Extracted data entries
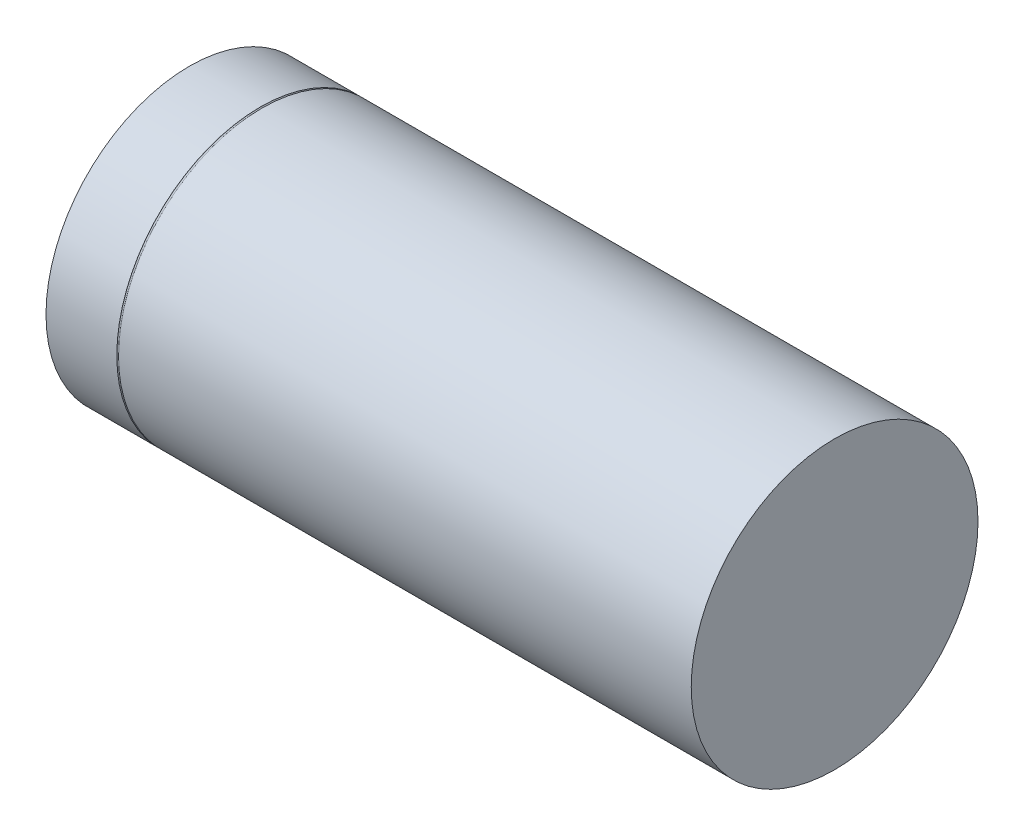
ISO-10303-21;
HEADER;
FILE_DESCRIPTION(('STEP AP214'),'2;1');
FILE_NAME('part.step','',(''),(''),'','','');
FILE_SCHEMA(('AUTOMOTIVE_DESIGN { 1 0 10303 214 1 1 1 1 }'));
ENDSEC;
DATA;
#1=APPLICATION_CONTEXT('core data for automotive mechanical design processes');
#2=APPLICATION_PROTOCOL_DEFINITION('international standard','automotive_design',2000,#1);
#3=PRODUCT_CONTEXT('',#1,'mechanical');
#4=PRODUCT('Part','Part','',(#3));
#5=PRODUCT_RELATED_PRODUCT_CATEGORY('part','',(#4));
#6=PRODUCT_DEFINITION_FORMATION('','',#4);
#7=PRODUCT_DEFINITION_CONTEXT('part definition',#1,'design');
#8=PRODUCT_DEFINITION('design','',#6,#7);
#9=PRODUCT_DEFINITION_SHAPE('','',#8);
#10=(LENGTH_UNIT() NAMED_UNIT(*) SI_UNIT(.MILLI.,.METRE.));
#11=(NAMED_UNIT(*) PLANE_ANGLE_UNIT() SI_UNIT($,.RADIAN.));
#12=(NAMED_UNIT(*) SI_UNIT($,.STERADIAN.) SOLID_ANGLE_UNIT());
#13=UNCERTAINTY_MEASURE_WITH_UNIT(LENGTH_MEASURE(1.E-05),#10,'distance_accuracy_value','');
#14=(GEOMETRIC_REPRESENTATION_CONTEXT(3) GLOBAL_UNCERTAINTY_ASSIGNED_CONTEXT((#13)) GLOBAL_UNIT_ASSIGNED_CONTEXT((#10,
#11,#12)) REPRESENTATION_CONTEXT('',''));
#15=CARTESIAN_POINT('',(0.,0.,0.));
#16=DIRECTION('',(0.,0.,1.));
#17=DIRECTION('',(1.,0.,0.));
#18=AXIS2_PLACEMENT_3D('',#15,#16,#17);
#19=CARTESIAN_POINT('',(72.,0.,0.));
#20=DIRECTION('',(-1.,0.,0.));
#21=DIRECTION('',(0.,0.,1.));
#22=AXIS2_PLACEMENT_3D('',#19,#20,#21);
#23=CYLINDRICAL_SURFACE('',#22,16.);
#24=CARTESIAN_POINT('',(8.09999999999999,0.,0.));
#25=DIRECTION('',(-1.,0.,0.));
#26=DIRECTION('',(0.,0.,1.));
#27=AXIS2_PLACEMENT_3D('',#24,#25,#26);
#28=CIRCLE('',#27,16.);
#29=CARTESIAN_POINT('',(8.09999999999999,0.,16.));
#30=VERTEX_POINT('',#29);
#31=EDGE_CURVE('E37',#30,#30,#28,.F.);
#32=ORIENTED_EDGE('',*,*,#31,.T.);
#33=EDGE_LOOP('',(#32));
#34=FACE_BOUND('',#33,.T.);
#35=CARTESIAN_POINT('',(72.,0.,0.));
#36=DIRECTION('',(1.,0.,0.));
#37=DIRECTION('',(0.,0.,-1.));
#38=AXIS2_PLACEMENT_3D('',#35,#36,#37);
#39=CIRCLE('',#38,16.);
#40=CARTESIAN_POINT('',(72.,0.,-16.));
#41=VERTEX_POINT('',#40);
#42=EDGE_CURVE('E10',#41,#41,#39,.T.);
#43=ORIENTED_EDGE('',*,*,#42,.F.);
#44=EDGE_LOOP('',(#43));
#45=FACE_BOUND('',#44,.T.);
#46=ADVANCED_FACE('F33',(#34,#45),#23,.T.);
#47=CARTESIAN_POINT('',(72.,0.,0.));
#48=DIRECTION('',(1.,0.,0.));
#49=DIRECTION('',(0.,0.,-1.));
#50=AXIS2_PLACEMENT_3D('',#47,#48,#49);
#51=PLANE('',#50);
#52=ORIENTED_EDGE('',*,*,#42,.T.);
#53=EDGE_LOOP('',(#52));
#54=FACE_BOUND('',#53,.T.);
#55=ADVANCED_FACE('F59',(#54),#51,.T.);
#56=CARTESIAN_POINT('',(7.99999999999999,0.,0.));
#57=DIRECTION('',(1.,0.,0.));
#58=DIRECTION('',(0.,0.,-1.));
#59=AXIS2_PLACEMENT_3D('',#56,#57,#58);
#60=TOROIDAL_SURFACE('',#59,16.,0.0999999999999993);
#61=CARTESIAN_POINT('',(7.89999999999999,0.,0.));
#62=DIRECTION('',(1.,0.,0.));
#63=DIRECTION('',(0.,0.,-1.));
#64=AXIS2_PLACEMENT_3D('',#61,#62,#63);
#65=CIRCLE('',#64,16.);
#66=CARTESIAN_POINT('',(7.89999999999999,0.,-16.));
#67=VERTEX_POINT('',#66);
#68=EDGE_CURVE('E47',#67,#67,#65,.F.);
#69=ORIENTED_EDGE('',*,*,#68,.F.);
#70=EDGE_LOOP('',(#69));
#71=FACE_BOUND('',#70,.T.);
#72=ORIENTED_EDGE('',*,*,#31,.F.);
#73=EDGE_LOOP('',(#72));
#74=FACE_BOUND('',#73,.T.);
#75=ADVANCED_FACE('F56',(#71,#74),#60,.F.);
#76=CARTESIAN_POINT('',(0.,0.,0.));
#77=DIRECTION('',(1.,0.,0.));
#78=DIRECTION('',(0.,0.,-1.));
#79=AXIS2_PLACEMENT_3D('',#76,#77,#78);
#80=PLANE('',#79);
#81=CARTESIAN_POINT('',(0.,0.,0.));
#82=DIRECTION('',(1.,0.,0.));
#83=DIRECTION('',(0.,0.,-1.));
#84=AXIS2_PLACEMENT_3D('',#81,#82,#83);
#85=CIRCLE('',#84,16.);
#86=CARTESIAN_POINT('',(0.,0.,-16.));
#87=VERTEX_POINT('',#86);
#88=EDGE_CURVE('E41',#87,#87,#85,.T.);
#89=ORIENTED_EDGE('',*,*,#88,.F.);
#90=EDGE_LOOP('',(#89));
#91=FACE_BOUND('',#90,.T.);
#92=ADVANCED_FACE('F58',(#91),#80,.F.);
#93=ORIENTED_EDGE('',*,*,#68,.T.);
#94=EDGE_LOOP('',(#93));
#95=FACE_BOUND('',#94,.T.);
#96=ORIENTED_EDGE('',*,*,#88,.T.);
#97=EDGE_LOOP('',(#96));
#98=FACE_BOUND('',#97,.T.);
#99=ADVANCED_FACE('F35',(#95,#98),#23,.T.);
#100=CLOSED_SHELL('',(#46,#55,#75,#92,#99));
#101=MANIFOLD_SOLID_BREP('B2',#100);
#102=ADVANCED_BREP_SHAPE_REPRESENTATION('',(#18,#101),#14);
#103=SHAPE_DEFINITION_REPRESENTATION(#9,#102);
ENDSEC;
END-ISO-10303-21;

• **EXERCISE DESCRIPTION**:
From the first line through the line with "#1=APPLICATION_CONTEXT('core data for", output those lines of the entries above exactly, and nothing else, with the pictures left out.

• **REPLY TO THE EXERCISE**:
ISO-10303-21;
HEADER;
FILE_DESCRIPTION(('STEP AP214'),'2;1');
FILE_NAME('part.step','',(''),(''),'','','');
FILE_SCHEMA(('AUTOMOTIVE_DESIGN { 1 0 10303 214 1 1 1 1 }'));
ENDSEC;
DATA;
#1=APPLICATION_CONTEXT('core data for automotive mechanical design processes');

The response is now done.